One thing that new audio techs must get accustomed to is the use of logarithms. The definition is this: a quantity representing the power to which a fixed number (the base) must be raised to produce a given number. Logarithms are used to reduce the apparent spread of frequency and voltage values encountered in this field. For example, the figure used above to show equal loudness contours uses a logarithmic scale for the frequency values, as does the frequency response graph to the right. Without that, it is impossible to read the values from a graph that covers more than about 5 octaves. (An octave is a doubling of a frequency value.) The logarithmic graph is able to display values from 10 Hz to 20kHz, which covers almost 15 octaves. Amplitude values have the same problem. Audio signals can range from near zero to around 20 volts, which is an infinite range, but the lowest values measured are around 0.000001 volt (1 microvolt) to about 10 volts, which is equivalent to about 27 octaves. (Octave is a term not normally used with regard to amplitude values, however.) To express such a large range of values, a logarithmic function is used. To describe this function, let me use a quote from Wikipedia:

The decibel (symbol: dB) is a logarithmic unit used to express the ratio of one value of a physical property to another, and may be used to express a change in value (e.g., +1 dB or -1 dB) or an absolute value. In the latter case, it expresses the ratio of a value to a reference value; when used in this way, the decibel symbol should be appended with a suffix that indicates the reference value or some other property. For example, if the reference value is 1 volt, then the suffix is "V" (i.e., "20 dBV"); and if the reference value is one milliwatt, then the suffix is "m" (i.e., "20 dBm"). However, sound pressure level is referenced to the "threshold of hearing" (generally given as 20 micropascals at 1 kHz), and the suffix is "SPL" (i.e., "60 dB SPL"). The formula for the decibel value that relates two power values is

dB = 10xLog(P2/P1)

Here, P1 is called the reference value, and the Log uses the base 10.

Since voltage values relate to power values as a square root function, in order to be able to easily compare the two decibel values, the formula for voltage values is

dB = 20xLog(V2/V1)

To see how this works, let's calculate the decibel value for a 10-volt signal relative to 1 volt. The division result is 10, the log10(10) is 1, and the dB value is 20. Thus, a 20 dB value means that the voltage in question is 10 times its reference voltage. If this voltage were applied to a 1-ohm resistor, the resulting current would be 10 amps (I=E/R).

Now if this 10-volt signal were applied across a resistance of 1 ohm, the effective power, for the same current value, would be 100 watts. (P=IxIxR), and the 1-volt signal across the 1-ohm resistor would create a 1-amp current and a power value of 1 watt. The resulting power ratio would be 100/1, and the log10 (100) is 2, so the resulting dB value would be 20.

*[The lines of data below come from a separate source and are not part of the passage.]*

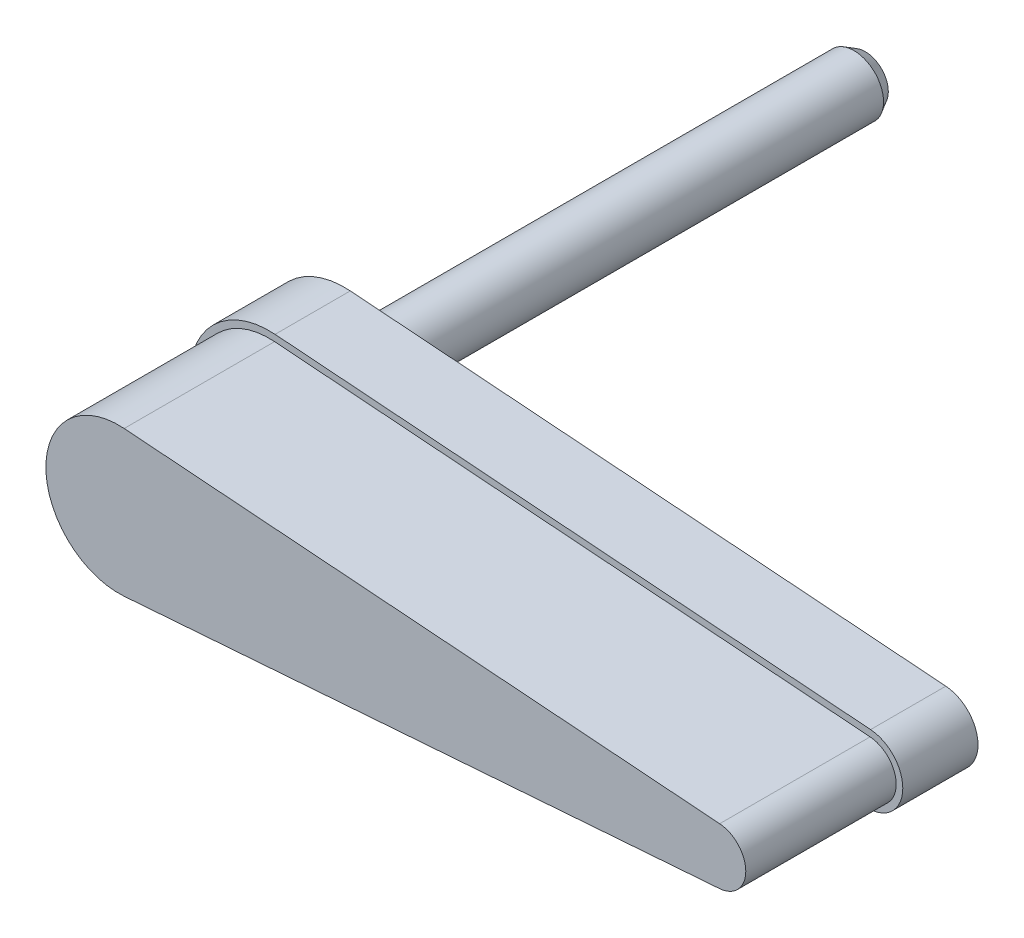
from build123d import *

# Parameters (mm, degrees)
SALIENTE_EXTRUIR1_DEPTH = 24
SALIENTE_EXTRUIR2_DEPTH = 8
CROQUIS3_R              = 3.15
SALIENTE_EXTRUIR3_DEPTH = 55.4
CHAFL_N1_SIZE           = 1.2
CHAFL_N1_SIZE2          = 0.692820323


with BuildPart() as part:
    # Croquis1 → Saliente-Extruir1 (new body)
    with BuildSketch(Plane.XY):
        with BuildLine():
            Line((63.919718915, 2.991646678), (0.57794053, 7.728420585))
            ThreePointArc((0.57794053, 7.728420585), (-7.75, 0), (0.57794053, -7.728420585))
            Line((0.57794053, -7.728420585), (63.919718915, -2.991646678))
            ThreePointArc((63.919718915, -2.991646678), (66.696, 0), (63.919718915, 2.991646678))
        make_face()
    extrude(amount=SALIENTE_EXTRUIR1_DEPTH)

    # Croquis2 → Saliente-Extruir2 (add)
    with BuildSketch(Plane.XY):
        with BuildLine():
            Line((0.63014161, -8.426471477), (63.971919995, -3.68969757))
            ThreePointArc((63.971919995, -3.68969757), (67.396, 0), (63.971919995, 3.68969757))
            Line((63.971919995, 3.68969757), (0.63014161, 8.426471477))
            ThreePointArc((0.63014161, 8.426471477), (-8.45, 0), (0.63014161, -8.426471477))
        make_face()
        with BuildLine():
            Line((63.919718915, 2.991646678), (0.57794053, 7.728420585))
            ThreePointArc((0.57794053, 7.728420585), (-7.75, 0), (0.57794053, -7.728420585))
            Line((0.57794053, -7.728420585), (63.919718915, -2.991646678))
            ThreePointArc((63.919718915, -2.991646678), (66.696, 0), (63.919718915, 2.991646678))
        make_face(mode=Mode.SUBTRACT)
    extrude(amount=SALIENTE_EXTRUIR2_DEPTH)

    # Croquis3 → Saliente-Extruir3 (add)
    with BuildSketch(Plane(origin=(0, 0, 0), x_dir=(-1, 0, 0), z_dir=(0, 0, -1))):
        Circle(CROQUIS3_R)
    extrude(amount=SALIENTE_EXTRUIR3_DEPTH)

    # Chaflán1
    chafl_n1_edges = [part.edges().sort_by_distance(p)[0] for p in [
        (3.15, 0, -55.4),
    ]]
    chafl_n1_side = [part.faces().sort_by_distance(p)[0] for p in [
        (3.15, 0, -27.7),
    ]]
    chamfer(chafl_n1_edges, length=CHAFL_N1_SIZE, length2=CHAFL_N1_SIZE2, reference=chafl_n1_side[0])


solid = part.part

So we see that the dB calculations give the same result whether the amplification is calculated based on voltage or power. This little mathematical excursion may seem drawn out, but it is very important to have a feel for voltage and power numbers expressed in this way, since most amplitude values are expressed in dB in practice. For example, look at how the faders (sliders) of a typical mixer are labeled. The scale is sometimes linear, but the values are logarithmic. That's because the underlying variable resistance controlled by the fader has a logarithmic contour. At the lower positions of the fader, each unit of movement produces a greater change in its output than when the slider is at the upper positions. At the 0 dB position, the output signal is equal to the input signal, so some mixers label this position as U, for unity gain. Notice that the fader covers about a 70 dB range.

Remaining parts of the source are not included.